Anyway, I'm very happy with the X10 with just the TM disabled. I was amazed with how well it matched up against my ~70watt incan light (FM1909 bulb running off 3x26650s with a deep reflector in a Mag host) last night. It was tit for tat in throw (maybe a little edge to the FM1909 at the very center of the hot spot) and seemingly just a bit better in total light output as well. I also tested it against a WA1111 incan Mag (35w) I have and the X10 blew it away in every regard. It's funny seeing this tiny light humiliate these huge 2D and 3D Mags.


----------



## vinhnguyen54 (Jul 29, 2011)

The percentage gain calculated above is of course not very acurate. Throw light have a higher concentrated spot so more light is bounce back down from the ceiling which appear to have a higher reading. Flooder have a less concentrated hot spot so less light gets bounce back to the meter thus a lower reading. In reality the S12 gain more than 22% while the X14 might gain about 14%, a little more or even less. 

Say you have 5 lumen hitting the ceiling in 5 different spot. All those lumen might get absorb into the ceiling and never bounce back enough to be register on the meter. However, if you hit 5 lumen on the same exact spot, and say two get absorb, 3 might be about to reflect back to the meter.... 

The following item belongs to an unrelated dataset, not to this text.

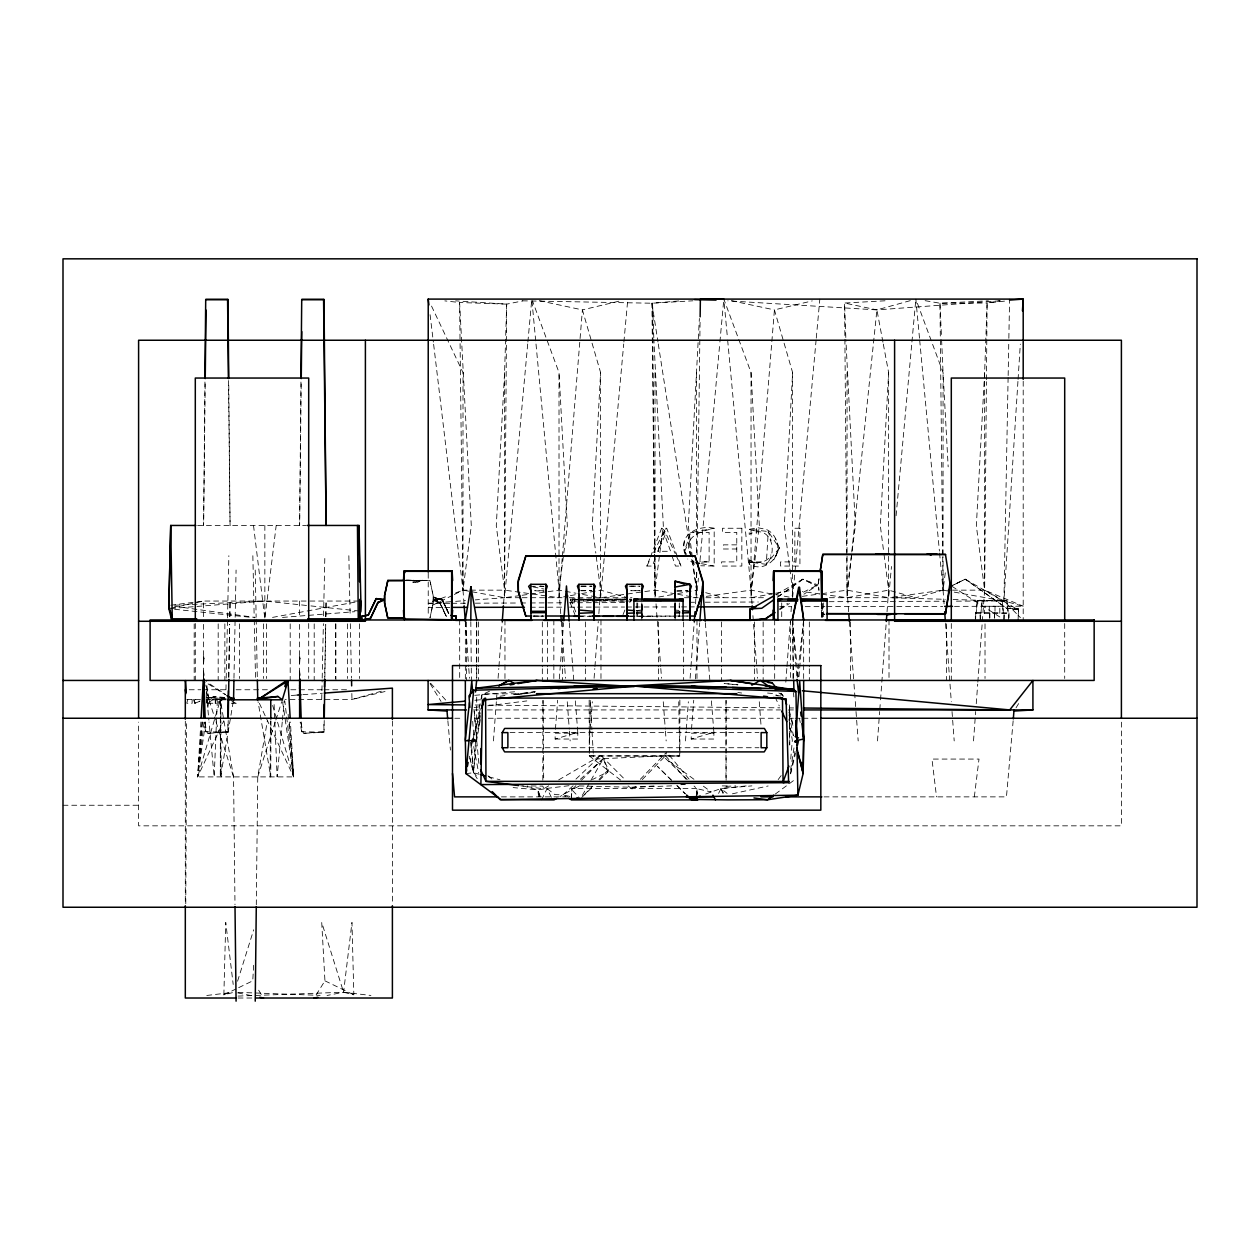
<?xml version="1.0" encoding="UTF-8"?>
<svg xmlns="http://www.w3.org/2000/svg" width="1260" height="1260" viewBox="0 0 1260 1260"><rect width="100%" height="100%" fill="white"/><g stroke="black" fill="none" stroke-linecap="round" stroke-linejoin="round"><path stroke-width="0.75" stroke-dasharray="5 3.75" d="M478.863 763.371L476.69 740.234L476.69 693.583M476.69 678.022L476.69 664.414M476.69 662.461L476.69 619.699M542.824 780.255L542.84 754.96M542.84 753.008L542.855 731.603M542.855 729.666L542.871 700.481M641.86 616.644L641.844 602.296L641.954 617.668L641.954 603.918M675.108 618.14L675.061 603.572M726.122 780.271L726.122 754.976M726.122 753.023L726.138 731.619M726.138 729.682L726.154 700.481M220.532 699.804L220.327 776.9L220.327 699.804L197.647 776.9L293.643 776.9L290.414 722.043M270.979 721.003L270.758 776.9L258.064 701.726M674.998 603.918L674.998 617.668L675.045 602.595L675.108 616.644M270.16 776.9L270.396 721.003M641.844 618.14L641.891 603.572M674.998 617.668L675.061 602.264M1018.127 609.761L1006.567 608.234L1018.127 609.761L1018.505 608.879L1018.08 619.967L1018.505 608.879L1006.567 608.234L965.192 579.175L951.394 585.931L965.27 579.191L1018.127 609.761L1018.505 608.879L1006.567 608.234L965.27 579.191L951.457 585.995L999.826 616.99M185.771 903.735L186.653 721.082M641.86 619.952L641.875 602.69M503.575 603.855L504.583 590.152L506.677 304.132L522.821 300.888M204.939 382.016L203.616 525.452L205.223 380.551M300.951 382.016L299.628 525.452L301.234 380.551M982.328 621.479L984.643 590.152L986.422 381.701M986.454 379.732L987.1 303.03L1000.219 300.731M256.3 904.774L257.749 776.9L267.341 721.003M695.599 603.855L696.827 572.449M697.063 554.762L700.103 318.811M789.799 744.865L789.469 704.088L789.516 744.943M228.218 720.468L228.029 732.202L207.396 733.351L205.585 731.745L204.183 722.09M228.879 677.392L229.714 624.535M229.824 616.707L230.076 601.052L229.777 616.66M324.23 720.468L324.041 732.202L303.408 733.351L301.597 731.745L300.195 722.09M324.891 677.392L325.726 624.535L324.639 677.124M325.836 616.707L326.088 601.052L325.789 616.66M481.808 698.623L481.887 694.78L485.242 692.984M620.613 780.082L589.302 755.921L590.263 701.741M205.27 721.948L205.585 731.745L228.029 732.202L227.761 721.98M228.627 677.124L229.635 624.456M233.966 678.179L235.116 619.195M235.163 617.227L236.077 570.04M301.282 721.948L301.597 731.745L324.041 732.202L323.773 721.98M1008.11 377.496L1003.921 600.957L1020.442 617.62M1008.158 375.543L1008.819 340.263M1008.85 338.294L1009.591 299.092M225.95 689.755L226.17 680.053M226.202 678.101L227.477 619.826M227.525 617.888L228.863 555.723M321.725 699.473L322.15 680.053M322.198 678.101L323.379 623.716M323.552 615.951L324.859 555.723M232.423 992.659L223.87 994.833L225.745 922.43L233.195 984.469M685.188 554.369C677.549 534.744 697.835 524.695 714.184 528.255L714.184 566.055L700.717 565.772M571.489 799.895L571.819 788.555L697 788.555L697.41 794.225M520.128 592.31L504.583 590.152L496.283 525.782L504.583 372.566L506.677 304.132L455.679 300.856M571.536 798.194L571.819 788.555M954.466 606.359L1023.199 606.217L1003.921 600.957L984.643 590.152L976.342 525.782L984.643 372.566L987.1 303.03L1008 300.746M821.992 617.4L822.292 610.155M675.092 619.952L675.124 610.029L680.668 610.501M677.707 593.586L696.607 590.152L688.306 525.782L699.379 318.481M539.296 300.699L582.403 309.897L600.595 372.566L592.294 525.782L595.822 553.093M731.32 300.699L774.428 309.897L792.619 372.566L784.318 525.782L792.619 590.152L792.178 596.027M883.307 344.075L888.631 372.566L880.331 525.782L883.606 551.14M989.651 618.203L989.935 612.943M994.455 618.203L994.723 612.943M253.622 965.27L252.772 980.831L237.463 988.25M405.736 580.655L429.959 580.545L433.141 595.46L433.156 603.02L429.991 617.841L433.156 603.02L433.141 595.46L429.912 580.482L406.429 580.34M200.891 722.043L197.647 776.9L223.76 720.83M480.438 715.585L475.492 741.793L473.54 772.742L477.209 778.664M822.04 617.258L822.292 598.941M1017.938 381.418L1003.921 600.957L952.828 601.162M1018.064 379.465L1020.317 344.169M493.447 740.927L496.33 701.757M496.487 699.804L497.054 691.976M498.078 678.258L498.787 668.477M498.944 666.524L502.267 621.479M589.459 740.927L590.184 731.131M590.326 729.178L592.342 701.757M594.09 678.258L594.799 668.477M594.956 666.524L598.279 621.479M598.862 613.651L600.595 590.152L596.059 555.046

Anyhow, The S12 is significantly brighter with DD, while the X10 is not. At least to the naked eyes regardless of what the meter says. Only an integrating sphere would know for sure.


----------



## ti-force (Jul 29, 2011)

vinhnguyen54,

I was just about to reply with very similar info to what you just posted in post #81. When doing ceiling bounce tests it would be best to stick with percentage gains instead of trying to calculate lumen gains or lumen output at all. Like you said, there are too many variables while doing a ceiling bounce test to calculate lumen output. For starters you would need a light with a known output, but your X10 might possibly have a U2 flux binned XM-L emitter in it which would most likely mean that it outputs more lumens than my sample did. Anyway I won't ramble on about this because I think you already know this information.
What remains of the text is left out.